If so I would use the caller's phone number and run it through some sort of hashing function so that you can guarantee that the verification code you gave to the caller in step 1 is the same one that they are entering in step 2 (to make sure they aren't using a friend's validation code or they simply made a very lucky guess).
About the hashing, I'm not sure if it's possible to take a 10 digit number and come out with a hash result that would be < 10 digits (I guess you'd have to live with a certain amount of collision) but I think this would help ensure the user is who they say they are.
Of course this won't work if the phone number used in step 1 is different than the one they are calling from in step 2.
Assuming you already know how to detect which key the user hit, this should be doable reasonably easily. In the security world, there is the notion of a "one time" password. This is sometimes referred to as a "disposable password." Normally these are restricted to the (easily typable) ASCII values. So, [a-zA-z0-9] and a bunch of easily typable symbols. like comma, period, semi colon, and parenthesis. In your case, though, you'd probably want to limit the range to [0-9] and possibly include * and #.
I am unable to explain all the technical details of how these one-time codes are generated (or work) adequately. There is some intermediate math behind it, which I'd butcher without first reviewing it myself. Suffice it to say that you use an algorithm to generate a stream of one time passwords. No matter how mnay previous codes you know, the subsequent one should be impossibel to guess! In your case, you'll simply use each password on the list as the user's random code.
Rather than fail at explaining the details of the implementation myself, I'll direct you to a 9 page article where you can read up on it youself: https://www.grc.com/ppp.htm
It sounds like you have the unspoken requirement that it must be quickly determined, via algorithm, that the code is valid. This would rule out you simply handing out a list of one time pad numbers.
There are several ways people have done this in the past.

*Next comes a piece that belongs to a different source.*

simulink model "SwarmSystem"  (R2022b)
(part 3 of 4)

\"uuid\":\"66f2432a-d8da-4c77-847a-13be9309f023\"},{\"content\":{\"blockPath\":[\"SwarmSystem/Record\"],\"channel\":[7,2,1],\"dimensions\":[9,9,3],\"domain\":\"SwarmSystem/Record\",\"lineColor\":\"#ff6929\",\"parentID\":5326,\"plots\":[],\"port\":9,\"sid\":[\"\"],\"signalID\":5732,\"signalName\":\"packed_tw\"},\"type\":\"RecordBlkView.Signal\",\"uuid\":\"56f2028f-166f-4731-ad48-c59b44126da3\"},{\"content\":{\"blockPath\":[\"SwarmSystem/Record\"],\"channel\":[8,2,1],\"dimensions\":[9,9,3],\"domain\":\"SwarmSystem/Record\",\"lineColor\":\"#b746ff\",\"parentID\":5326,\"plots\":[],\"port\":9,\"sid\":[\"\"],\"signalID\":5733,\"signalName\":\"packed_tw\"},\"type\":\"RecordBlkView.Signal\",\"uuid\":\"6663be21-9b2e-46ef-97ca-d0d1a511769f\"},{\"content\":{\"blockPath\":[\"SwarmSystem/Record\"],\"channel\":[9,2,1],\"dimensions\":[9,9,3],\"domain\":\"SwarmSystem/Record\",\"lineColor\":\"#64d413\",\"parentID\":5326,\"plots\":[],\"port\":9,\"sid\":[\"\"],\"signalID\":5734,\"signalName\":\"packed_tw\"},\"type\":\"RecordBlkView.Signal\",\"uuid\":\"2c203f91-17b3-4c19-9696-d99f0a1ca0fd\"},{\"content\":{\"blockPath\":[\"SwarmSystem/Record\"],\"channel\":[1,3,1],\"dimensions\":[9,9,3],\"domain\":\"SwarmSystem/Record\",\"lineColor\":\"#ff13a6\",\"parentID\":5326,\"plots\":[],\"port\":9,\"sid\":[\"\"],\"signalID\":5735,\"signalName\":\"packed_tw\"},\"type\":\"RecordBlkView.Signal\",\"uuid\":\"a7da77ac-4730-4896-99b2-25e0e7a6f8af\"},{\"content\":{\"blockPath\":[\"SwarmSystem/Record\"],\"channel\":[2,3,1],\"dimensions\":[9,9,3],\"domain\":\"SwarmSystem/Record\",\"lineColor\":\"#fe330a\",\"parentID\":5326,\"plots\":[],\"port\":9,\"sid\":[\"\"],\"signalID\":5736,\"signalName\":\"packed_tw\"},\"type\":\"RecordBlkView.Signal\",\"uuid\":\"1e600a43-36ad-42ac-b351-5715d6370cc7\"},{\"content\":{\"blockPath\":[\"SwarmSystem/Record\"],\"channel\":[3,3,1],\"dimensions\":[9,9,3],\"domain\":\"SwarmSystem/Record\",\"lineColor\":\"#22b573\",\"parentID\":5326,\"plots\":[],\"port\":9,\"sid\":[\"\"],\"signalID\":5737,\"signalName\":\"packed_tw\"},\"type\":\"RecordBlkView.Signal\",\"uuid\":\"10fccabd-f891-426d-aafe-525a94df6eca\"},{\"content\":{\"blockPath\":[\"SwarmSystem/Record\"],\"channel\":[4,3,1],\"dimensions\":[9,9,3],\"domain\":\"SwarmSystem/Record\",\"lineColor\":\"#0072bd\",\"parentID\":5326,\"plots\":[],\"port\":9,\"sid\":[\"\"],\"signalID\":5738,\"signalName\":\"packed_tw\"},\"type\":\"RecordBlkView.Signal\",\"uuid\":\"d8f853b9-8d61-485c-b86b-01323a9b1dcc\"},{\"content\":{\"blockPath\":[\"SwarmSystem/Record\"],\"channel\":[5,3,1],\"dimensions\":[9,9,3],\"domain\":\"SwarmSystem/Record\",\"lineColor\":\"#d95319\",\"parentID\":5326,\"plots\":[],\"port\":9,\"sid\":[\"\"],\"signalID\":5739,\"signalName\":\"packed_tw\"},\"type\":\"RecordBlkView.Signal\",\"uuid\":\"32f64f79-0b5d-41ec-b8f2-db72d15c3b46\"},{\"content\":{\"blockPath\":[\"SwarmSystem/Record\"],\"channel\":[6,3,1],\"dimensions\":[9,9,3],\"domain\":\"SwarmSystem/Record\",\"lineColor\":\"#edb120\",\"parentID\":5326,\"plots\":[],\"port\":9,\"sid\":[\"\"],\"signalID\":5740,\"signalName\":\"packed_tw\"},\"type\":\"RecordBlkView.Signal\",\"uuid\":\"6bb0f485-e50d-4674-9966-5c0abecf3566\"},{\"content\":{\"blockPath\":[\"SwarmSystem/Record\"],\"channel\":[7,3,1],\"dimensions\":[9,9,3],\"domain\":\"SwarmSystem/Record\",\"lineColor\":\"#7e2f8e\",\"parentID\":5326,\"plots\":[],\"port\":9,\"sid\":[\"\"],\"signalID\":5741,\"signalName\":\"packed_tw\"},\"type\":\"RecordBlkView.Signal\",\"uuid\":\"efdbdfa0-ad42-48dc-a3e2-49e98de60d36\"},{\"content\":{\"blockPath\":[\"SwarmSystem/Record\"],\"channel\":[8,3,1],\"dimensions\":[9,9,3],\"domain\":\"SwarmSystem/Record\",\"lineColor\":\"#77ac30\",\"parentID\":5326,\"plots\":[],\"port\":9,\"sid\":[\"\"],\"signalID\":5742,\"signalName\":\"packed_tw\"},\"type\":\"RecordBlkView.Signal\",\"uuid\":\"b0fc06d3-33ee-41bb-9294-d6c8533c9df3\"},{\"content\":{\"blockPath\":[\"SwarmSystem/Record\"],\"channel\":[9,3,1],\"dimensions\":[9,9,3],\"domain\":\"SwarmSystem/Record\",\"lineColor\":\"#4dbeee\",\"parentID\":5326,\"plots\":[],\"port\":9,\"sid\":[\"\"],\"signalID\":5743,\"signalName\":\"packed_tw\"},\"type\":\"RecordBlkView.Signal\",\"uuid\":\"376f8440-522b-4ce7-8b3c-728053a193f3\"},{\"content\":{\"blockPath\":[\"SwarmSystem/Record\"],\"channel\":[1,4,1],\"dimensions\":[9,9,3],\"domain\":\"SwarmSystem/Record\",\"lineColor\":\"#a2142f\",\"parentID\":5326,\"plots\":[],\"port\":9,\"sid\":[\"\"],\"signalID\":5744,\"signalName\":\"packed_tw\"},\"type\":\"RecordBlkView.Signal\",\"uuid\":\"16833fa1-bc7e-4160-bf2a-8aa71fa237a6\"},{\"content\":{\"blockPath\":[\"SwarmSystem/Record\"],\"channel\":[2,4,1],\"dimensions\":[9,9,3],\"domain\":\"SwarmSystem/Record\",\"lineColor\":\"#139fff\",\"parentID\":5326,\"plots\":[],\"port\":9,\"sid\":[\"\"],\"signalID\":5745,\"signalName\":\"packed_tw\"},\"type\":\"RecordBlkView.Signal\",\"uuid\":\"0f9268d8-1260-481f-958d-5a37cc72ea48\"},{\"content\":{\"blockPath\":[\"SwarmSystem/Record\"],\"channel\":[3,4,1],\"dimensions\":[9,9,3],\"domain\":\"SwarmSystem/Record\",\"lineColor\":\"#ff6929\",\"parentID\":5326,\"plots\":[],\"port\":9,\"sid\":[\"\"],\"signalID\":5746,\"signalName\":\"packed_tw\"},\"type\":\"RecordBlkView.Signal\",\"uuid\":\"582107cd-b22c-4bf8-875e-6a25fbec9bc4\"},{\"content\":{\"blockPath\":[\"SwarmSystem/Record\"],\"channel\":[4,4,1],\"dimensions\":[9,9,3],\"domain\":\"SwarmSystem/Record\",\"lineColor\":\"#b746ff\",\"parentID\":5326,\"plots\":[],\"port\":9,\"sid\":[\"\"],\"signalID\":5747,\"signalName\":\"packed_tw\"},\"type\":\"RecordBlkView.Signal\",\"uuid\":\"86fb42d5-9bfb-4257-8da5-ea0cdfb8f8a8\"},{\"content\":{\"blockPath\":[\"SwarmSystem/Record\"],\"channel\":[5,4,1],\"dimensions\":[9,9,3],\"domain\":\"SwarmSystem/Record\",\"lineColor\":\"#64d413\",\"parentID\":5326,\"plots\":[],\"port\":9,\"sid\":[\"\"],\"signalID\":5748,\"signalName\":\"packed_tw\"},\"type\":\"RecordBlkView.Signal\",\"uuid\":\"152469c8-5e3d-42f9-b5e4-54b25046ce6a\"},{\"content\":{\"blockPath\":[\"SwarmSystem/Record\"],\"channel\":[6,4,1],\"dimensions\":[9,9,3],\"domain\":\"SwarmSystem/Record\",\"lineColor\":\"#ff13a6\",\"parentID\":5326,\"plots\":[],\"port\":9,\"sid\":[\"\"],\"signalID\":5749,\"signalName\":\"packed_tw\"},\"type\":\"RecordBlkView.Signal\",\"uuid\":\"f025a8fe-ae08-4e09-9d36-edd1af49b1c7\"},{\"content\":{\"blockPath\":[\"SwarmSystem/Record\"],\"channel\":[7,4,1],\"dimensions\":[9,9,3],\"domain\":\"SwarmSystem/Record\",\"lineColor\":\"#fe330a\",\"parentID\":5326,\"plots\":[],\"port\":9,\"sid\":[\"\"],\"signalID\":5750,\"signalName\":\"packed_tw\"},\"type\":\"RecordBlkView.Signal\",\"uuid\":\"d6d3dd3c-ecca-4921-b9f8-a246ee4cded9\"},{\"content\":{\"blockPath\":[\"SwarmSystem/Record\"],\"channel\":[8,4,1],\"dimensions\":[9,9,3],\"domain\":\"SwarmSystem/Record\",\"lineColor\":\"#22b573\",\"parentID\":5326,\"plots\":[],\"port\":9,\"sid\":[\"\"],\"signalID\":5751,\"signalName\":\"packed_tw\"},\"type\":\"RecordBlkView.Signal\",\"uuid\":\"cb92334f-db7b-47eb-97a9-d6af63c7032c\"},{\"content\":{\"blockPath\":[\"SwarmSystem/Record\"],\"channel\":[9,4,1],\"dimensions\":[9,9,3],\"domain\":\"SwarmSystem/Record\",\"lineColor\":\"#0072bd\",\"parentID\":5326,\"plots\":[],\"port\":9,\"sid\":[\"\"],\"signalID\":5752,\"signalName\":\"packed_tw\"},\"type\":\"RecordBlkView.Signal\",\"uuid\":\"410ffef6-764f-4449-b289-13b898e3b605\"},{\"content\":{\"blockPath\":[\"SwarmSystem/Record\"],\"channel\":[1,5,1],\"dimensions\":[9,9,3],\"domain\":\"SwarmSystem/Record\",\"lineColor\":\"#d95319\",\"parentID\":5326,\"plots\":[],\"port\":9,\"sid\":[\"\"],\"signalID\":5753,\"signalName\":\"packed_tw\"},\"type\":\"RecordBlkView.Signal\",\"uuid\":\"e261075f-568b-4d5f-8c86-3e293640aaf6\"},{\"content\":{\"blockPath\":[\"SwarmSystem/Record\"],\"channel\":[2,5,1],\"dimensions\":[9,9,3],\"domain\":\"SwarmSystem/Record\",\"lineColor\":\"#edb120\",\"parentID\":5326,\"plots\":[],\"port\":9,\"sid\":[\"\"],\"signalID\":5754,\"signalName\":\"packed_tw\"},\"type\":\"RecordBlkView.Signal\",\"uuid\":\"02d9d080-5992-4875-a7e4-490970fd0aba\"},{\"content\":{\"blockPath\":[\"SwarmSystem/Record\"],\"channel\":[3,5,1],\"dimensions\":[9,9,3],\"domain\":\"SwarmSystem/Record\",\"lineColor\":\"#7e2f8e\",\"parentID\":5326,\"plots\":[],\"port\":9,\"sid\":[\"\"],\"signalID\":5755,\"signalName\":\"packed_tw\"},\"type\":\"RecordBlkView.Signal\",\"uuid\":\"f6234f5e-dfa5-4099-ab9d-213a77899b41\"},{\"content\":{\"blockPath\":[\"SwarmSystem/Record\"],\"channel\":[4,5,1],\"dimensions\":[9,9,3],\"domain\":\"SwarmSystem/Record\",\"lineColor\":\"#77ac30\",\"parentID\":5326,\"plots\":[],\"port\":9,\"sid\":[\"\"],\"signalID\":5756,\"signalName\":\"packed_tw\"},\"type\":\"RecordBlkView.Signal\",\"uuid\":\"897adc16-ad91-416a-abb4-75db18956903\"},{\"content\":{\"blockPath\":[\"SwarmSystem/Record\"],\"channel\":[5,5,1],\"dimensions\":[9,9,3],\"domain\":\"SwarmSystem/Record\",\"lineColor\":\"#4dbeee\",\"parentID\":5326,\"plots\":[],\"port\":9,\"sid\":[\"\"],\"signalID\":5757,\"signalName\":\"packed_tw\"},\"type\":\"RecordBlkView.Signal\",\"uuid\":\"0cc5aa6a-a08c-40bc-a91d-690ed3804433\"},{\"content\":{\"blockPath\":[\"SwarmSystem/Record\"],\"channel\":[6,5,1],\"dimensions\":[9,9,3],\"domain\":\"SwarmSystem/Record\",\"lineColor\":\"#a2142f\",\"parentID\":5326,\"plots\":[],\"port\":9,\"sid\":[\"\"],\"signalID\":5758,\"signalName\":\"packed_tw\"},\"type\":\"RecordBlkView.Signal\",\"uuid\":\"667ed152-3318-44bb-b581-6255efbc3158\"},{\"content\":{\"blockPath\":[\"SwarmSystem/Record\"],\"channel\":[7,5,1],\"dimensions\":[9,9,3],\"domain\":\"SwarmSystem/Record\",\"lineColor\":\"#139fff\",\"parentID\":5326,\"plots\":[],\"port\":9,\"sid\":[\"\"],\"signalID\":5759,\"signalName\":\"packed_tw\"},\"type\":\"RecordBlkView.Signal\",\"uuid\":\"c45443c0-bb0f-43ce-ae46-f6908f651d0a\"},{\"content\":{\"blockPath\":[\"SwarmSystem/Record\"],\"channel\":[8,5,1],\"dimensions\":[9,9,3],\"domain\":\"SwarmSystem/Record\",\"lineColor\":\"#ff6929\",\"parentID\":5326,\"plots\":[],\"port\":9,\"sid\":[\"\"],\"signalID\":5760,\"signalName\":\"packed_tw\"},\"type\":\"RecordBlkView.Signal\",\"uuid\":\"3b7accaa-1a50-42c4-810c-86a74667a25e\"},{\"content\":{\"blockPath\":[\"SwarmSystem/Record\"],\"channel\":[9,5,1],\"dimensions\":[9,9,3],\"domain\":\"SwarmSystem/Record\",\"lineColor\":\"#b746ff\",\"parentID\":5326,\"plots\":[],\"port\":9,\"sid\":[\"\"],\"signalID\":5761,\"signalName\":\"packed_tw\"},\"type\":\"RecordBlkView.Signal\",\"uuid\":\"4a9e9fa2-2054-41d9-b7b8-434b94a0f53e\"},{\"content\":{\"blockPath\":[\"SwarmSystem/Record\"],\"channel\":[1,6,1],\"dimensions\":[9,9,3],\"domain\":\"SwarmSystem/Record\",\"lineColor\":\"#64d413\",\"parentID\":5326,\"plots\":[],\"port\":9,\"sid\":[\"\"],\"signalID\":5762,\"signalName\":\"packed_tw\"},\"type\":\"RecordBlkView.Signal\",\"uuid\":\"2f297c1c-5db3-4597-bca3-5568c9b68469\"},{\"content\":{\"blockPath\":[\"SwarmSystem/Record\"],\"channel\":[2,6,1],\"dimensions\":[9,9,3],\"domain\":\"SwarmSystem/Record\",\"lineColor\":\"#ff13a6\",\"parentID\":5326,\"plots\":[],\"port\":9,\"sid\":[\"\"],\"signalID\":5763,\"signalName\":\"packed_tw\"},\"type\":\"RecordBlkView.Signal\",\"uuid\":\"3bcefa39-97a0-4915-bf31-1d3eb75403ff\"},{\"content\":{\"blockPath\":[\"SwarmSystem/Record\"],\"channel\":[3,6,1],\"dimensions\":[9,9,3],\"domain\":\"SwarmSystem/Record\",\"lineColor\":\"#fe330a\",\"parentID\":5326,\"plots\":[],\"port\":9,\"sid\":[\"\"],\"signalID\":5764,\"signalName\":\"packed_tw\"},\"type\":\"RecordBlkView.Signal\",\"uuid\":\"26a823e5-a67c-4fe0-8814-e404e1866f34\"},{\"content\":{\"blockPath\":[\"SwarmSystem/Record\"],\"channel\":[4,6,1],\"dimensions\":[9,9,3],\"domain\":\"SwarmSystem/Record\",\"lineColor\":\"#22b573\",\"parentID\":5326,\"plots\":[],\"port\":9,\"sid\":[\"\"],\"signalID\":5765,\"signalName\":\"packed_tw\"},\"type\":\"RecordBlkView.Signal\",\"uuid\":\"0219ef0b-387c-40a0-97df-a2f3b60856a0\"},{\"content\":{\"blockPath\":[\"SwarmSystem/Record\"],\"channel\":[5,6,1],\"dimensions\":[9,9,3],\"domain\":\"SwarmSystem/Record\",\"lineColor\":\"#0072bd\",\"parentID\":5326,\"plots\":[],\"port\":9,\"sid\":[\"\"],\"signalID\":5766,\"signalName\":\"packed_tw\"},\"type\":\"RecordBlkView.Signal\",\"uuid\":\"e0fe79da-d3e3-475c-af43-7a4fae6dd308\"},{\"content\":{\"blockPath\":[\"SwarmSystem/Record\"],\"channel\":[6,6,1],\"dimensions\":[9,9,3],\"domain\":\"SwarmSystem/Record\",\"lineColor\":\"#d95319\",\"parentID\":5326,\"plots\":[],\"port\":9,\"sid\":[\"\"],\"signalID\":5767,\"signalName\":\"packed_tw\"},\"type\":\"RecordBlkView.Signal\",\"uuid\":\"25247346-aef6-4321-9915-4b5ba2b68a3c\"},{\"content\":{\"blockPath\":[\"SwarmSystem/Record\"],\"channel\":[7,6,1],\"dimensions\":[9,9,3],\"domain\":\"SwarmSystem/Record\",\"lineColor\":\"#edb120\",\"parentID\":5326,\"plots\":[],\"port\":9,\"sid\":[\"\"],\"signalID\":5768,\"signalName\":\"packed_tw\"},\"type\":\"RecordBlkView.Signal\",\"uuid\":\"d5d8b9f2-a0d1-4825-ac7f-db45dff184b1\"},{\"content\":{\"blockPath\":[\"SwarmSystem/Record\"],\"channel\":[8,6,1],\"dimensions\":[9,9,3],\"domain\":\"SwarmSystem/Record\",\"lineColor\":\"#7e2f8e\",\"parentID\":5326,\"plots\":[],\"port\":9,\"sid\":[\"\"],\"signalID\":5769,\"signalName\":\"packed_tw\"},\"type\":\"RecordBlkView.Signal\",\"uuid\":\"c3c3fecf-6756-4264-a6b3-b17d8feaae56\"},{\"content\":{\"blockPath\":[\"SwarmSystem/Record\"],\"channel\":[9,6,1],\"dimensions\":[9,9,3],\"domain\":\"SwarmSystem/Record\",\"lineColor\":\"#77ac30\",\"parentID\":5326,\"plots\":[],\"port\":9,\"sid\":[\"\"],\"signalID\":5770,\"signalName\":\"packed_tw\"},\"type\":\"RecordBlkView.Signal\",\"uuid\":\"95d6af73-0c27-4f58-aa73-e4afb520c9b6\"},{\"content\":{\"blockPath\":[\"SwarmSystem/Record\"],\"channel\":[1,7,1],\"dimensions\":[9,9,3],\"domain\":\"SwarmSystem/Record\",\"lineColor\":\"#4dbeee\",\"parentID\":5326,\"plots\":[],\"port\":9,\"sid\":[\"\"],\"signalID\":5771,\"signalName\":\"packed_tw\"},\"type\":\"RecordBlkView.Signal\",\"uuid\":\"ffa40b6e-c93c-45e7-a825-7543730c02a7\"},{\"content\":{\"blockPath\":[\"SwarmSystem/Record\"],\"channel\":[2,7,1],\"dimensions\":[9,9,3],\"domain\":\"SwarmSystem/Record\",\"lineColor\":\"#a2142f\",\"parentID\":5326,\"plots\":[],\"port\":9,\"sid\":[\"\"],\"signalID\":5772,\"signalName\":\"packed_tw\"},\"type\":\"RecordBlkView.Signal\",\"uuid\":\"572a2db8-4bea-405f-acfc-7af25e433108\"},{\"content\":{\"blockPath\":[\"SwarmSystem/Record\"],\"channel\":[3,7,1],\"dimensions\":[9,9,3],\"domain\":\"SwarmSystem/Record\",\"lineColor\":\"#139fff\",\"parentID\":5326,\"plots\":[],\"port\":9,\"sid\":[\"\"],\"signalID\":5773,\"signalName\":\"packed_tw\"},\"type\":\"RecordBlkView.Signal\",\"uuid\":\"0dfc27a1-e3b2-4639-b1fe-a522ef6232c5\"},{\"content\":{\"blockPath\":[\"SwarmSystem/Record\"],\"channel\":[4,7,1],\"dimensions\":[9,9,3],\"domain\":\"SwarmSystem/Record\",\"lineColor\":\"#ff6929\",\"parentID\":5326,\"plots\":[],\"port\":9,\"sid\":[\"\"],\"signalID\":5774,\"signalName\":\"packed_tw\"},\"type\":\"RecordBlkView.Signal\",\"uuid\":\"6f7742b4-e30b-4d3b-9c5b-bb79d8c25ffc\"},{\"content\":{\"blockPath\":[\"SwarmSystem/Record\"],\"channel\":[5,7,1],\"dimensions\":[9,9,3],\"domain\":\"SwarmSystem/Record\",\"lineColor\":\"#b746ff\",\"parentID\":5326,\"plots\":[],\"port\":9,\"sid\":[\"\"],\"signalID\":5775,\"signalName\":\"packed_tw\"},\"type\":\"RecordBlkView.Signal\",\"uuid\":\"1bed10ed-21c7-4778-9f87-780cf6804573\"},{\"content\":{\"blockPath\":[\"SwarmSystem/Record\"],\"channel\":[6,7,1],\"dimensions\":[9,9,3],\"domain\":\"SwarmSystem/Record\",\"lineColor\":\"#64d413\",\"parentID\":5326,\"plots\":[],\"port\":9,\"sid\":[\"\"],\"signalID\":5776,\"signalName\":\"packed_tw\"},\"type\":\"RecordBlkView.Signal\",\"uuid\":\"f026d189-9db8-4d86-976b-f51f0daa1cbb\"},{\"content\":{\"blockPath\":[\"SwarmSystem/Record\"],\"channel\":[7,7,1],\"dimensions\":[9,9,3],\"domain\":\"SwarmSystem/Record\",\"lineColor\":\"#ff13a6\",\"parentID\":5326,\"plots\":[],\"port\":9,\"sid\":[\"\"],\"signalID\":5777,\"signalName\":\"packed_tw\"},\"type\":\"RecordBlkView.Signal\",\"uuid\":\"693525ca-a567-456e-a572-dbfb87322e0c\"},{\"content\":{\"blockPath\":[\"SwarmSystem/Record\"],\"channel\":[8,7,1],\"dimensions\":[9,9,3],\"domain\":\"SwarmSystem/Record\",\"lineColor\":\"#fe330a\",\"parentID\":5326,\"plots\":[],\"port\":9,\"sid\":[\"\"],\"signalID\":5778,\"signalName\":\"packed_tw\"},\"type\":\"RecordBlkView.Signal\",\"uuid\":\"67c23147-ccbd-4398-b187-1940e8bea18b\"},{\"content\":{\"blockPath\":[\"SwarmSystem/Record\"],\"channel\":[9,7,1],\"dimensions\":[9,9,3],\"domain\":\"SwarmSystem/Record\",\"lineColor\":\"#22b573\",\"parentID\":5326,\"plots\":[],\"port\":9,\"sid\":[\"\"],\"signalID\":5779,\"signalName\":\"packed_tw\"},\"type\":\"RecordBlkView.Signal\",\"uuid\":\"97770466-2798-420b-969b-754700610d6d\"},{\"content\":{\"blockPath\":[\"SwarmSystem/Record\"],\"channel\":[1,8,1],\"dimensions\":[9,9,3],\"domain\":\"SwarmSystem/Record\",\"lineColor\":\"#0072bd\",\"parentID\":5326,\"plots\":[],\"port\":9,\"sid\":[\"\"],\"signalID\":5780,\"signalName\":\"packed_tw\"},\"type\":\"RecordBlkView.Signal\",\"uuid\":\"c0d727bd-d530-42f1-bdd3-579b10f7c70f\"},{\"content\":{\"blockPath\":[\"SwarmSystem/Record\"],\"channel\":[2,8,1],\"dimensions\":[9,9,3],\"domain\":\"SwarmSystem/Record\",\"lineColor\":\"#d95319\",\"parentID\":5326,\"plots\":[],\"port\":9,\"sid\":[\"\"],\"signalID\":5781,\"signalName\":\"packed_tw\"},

Make a public key and private key. Encode the numbers 0-999,999 using the private key, and hand out the results. You'll need to throw in some random numbers to make the result come out to the longer version, and you'll have to convert the result from base 64 to base 10. When you get a number entered, convert it back to base64, apply the private key, and see if the intereting numbers are under 1,000,000 (discard the random numbers).
Use a reversible hash function
Use the first million numbers from a PRN seeded at a specific value. The "checking" function can get the seed, and know that the next million values are good. It can either generate them each time and check one by one when a code is received, or on program startup store them all in a table, sorted, and then use binary search (maximum of compares) since one million integers is not a whole lot of space.
There are a bunch of other options, but these are common and easy to implement.
-Adam
You linked to the check digits project, and using the "encode" function seems like a good solution. It says:
encode may throw an exception if 'bad' data (e.g. non-numeric) is passed to it, while verify only returns true or false. The idea here is that encode normally gets it's data from 'trusted' internal sources (a database key for instance), so it should be pretty usual, in fact, exceptional that bad data is being passed in.
So it sounds like you could pass the encode function a database key (5 digits, for instance) and you could get a number out that would meet your requirements.